Public companies will be required to disclose risk management and governance information in relation to cybersecurity, including board proficiency and oversight of cybersecurity risks, in their annual Form 10-K filings. These disclosure requirements will apply to fiscal years ending on or after December 15, 2023.
Although the rules primarily target publicly listed companies, other private and smaller companies should familiarize, prepare and monitor their operations for their security. Most public companies are reliant on many smaller third-party software and supply chain companies, and a cyberattack at any point along that chain could have a material impact. Therefore, such companies should also familiarize themselves with the new regulations.
SEC Staff Compliance Guide Explains New Cybersecurity Rules
The SEC’s Division of Corporation Finance (CorpFin) published a staff guide to help smaller public companies to comply with new cybersecurity rules adopted in July. CorpFin published Cybersecurity Risk Management, Strategy, Governance, and Incident Disclosure: A Small Entity Compliance Guide on the day the rulemaking release became effective—September 5, 2023. The new rules apply to domestic companies, foreign private issuers and business development companies.

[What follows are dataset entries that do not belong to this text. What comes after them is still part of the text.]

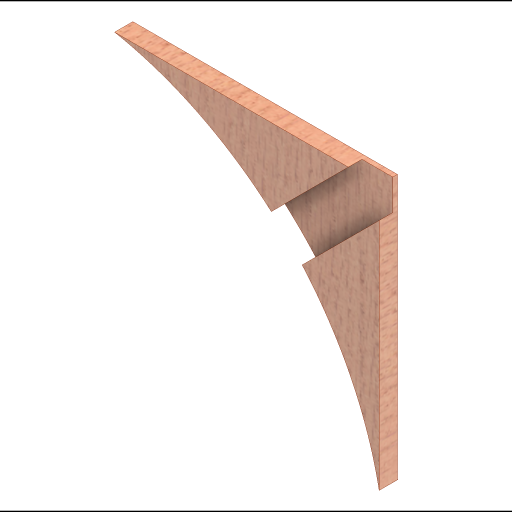
# Autodesk Inventor part: Wind Tunnel Fan Shroud Corner Mod Strap
Saved by Autodesk Inventor 2023 (Build 270158000, 158)
## iProperties
Created: 2022-01-23
Part Number: Wind Tunnel Fan Shroud Corner Mod Strap
Material: Wood (Oak)
Document SubType Name: Modeling
Designer: kamer
Density: 0.76 g/cm^3
Appearance: White Oak - Natural Medium Gloss
Author: kamer
Autodesk Inventor part; units mm, degrees
ref_plane "YZ Plane" through (0, 0, 0) normal (1, 0, 0) x (0, 1, 0)
ref_plane "XZ Plane" through (0, 0, 0) normal (0, 1, 0) x (-1, 0, 0)
ref_plane "XY Plane" through (0, 0, 0) normal (0, 0, 1) x (1, 0, 0)
sketch "Sketch1" plane through (0, 0, 0) normal (0, 0, 1) x (1, 0, 0)
  circle A0 centre (0, 0) radius 215.9
  line L0 (-215.9, 215.9) -> (215.9, 215.9)
  line L1 (215.9, 215.9) -> (215.9, -215.9)
  line L2 (215.9, -215.9) -> (-215.9, -215.9)
  line L3 (-215.9, -215.9) -> (-215.9, 215.9)
  point P0 (215.9, 0)
  point P1 (0, 215.9)
  dimension "d0" = 431.8
  dimension "d1" = 431.8
  dimension "d2" = 431.8
  dimension "d3" = 215.9
  dimension "d4" = 215.9
  constraints: 8 end point, 2 parallel, 1 centre point, 1 coincident, 1 horizontal, 1 perpendicular
  measures "d0" diameter of A0
  measures "d1" distance of L1.end L2.end
  measures "d2" distance of L0.end L1.end
  measures "d3" distance from line of L3 point (0, 0)
  measures "d4" distance from line of L0 point (0, 0)
extrude "Extrusion1" add sketch "Sketch1" along normal blind 11.938 contours A0 L0 L1
sketch "Sketch2" plane through (0, 0, 11.938) normal (0, 0, 1) x (1, 0, 0)
  circle A0 centre (0, 0) radius 220
  dimension "d7" = 440
  constraints: 1 centre point, 1 coincident
  measures "d7" diameter of A0
extrude "Extrusion2" cut sketch "Sketch2" against normal through all
sketch "Sketch3" plane through (0, 0, 11.938) normal (0, 0, 1) x (1, 0, 0)
  line L0 (215.9, 215.9) -> (42.2752, 215.9) projected
  line L1 (215.9, 215.9) -> (197.9422, 215.9)
  line L2 (215.9, 42.2752) -> (215.9, 215.9) projected
  line L3 (215.9, 215.9) -> (215.9, 197.9368)
  line L4 (215.9, 197.9368) -> (135.0791, 117.1158)
  line L5 (135.0791, 117.1158) -> (117.1185, 135.0763)
  line L6 (117.1185, 135.0763) -> (197.9422, 215.9)
  point P0 (0, 0)
  dimension "d10" = 25.4
  dimension "d11" = 135
  dimension "d12" = 135
  dimension "d13" = 17.9578
  dimension "d14" = 90
  dimension "d15" = 127
  constraints: 10 end point, 2 point on line
  measures "d10" distance of L3.end L1.end
  measures "d11" angle of L0 L6
  measures "d12" angle of L4 L2
  measures "d13" distance of L0.start L1.end
  measures "d14" angle of L5 L6
  measures "d15" distance from line of L0.start L5
extrude "Extrusion3" cut sketch "Sketch3" against normal blind 8.89
sketch "Sketch5" plane through (0, 0, 11.938) normal (0, 0, 1) x (1, 0, 0)
  arc A0 (164.2856, 146.3224) -> (146.3253, 164.2831) centre (0, 0) ccw projected
  line L0 (215.9, 197.9368) -> (164.2856, 146.3224) projected
  line L1 (215.9, 215.9) -> (215.9, 197.9368) projected
  line L2 (197.9422, 215.9) -> (215.9, 215.9) projected
  line L3 (146.3253, 164.2831) -> (197.9422, 215.9) projected
  line L4 (137.2766, 157.4974) -> (211.5205, 231.7413)
  line L5 (211.5205, 231.7413) -> (233.2717, 213.0454)
  line L6 (233.2717, 213.0454) -> (157.5001, 137.2738)
  line L7 (157.5001, 137.2738) -> (137.2766, 157.4974)
  dimension "d22" = 90
  dimension "d25" = 4.32
  dimension "d26" = 1.6002
  dimension "d27" = 1.6002
  constraints: 8 end point
  measures "d22" angle of L7 L4
  measures "d25" angle of L7 L5
  measures "d26" distance between parallel lines of L4 L3
  measures "d27" distance between parallel lines of L0 L6
extrude "Extrusion5" cut sketch "Sketch5" against normal up to surface (8.89 mm away) contours A0 L3 L2 L1 L0 | L4 L5 L6 L7
body "Solid1"

The guide explains what is required by the rule as well as what it does not require. In particular, the rule does not require the company to disclose specific or technical information about its planned response to the incident or its cybersecurity systems, related networks and devices, or potential system vulnerabilities in such detail that would impede its response or remediation of the incident. Moreover, CorpFin stressed that Form 8-K filing is required not when the company discovers a cyber incident but when it determines that the incident was material. The materiality determination should be made without unreasonable delay. The guide explains an incident is material if there is a substantial likelihood that a reasonable shareholder would consider knowledge of the incident important in making an investment decision, or if it would have significantly altered the total mix of information made available. In terms of annual disclosure of risk management, strategy and governance related to cybersecurity, the release includes a non-exclusive list of disclosure items companies should provide based on their facts and circumstances.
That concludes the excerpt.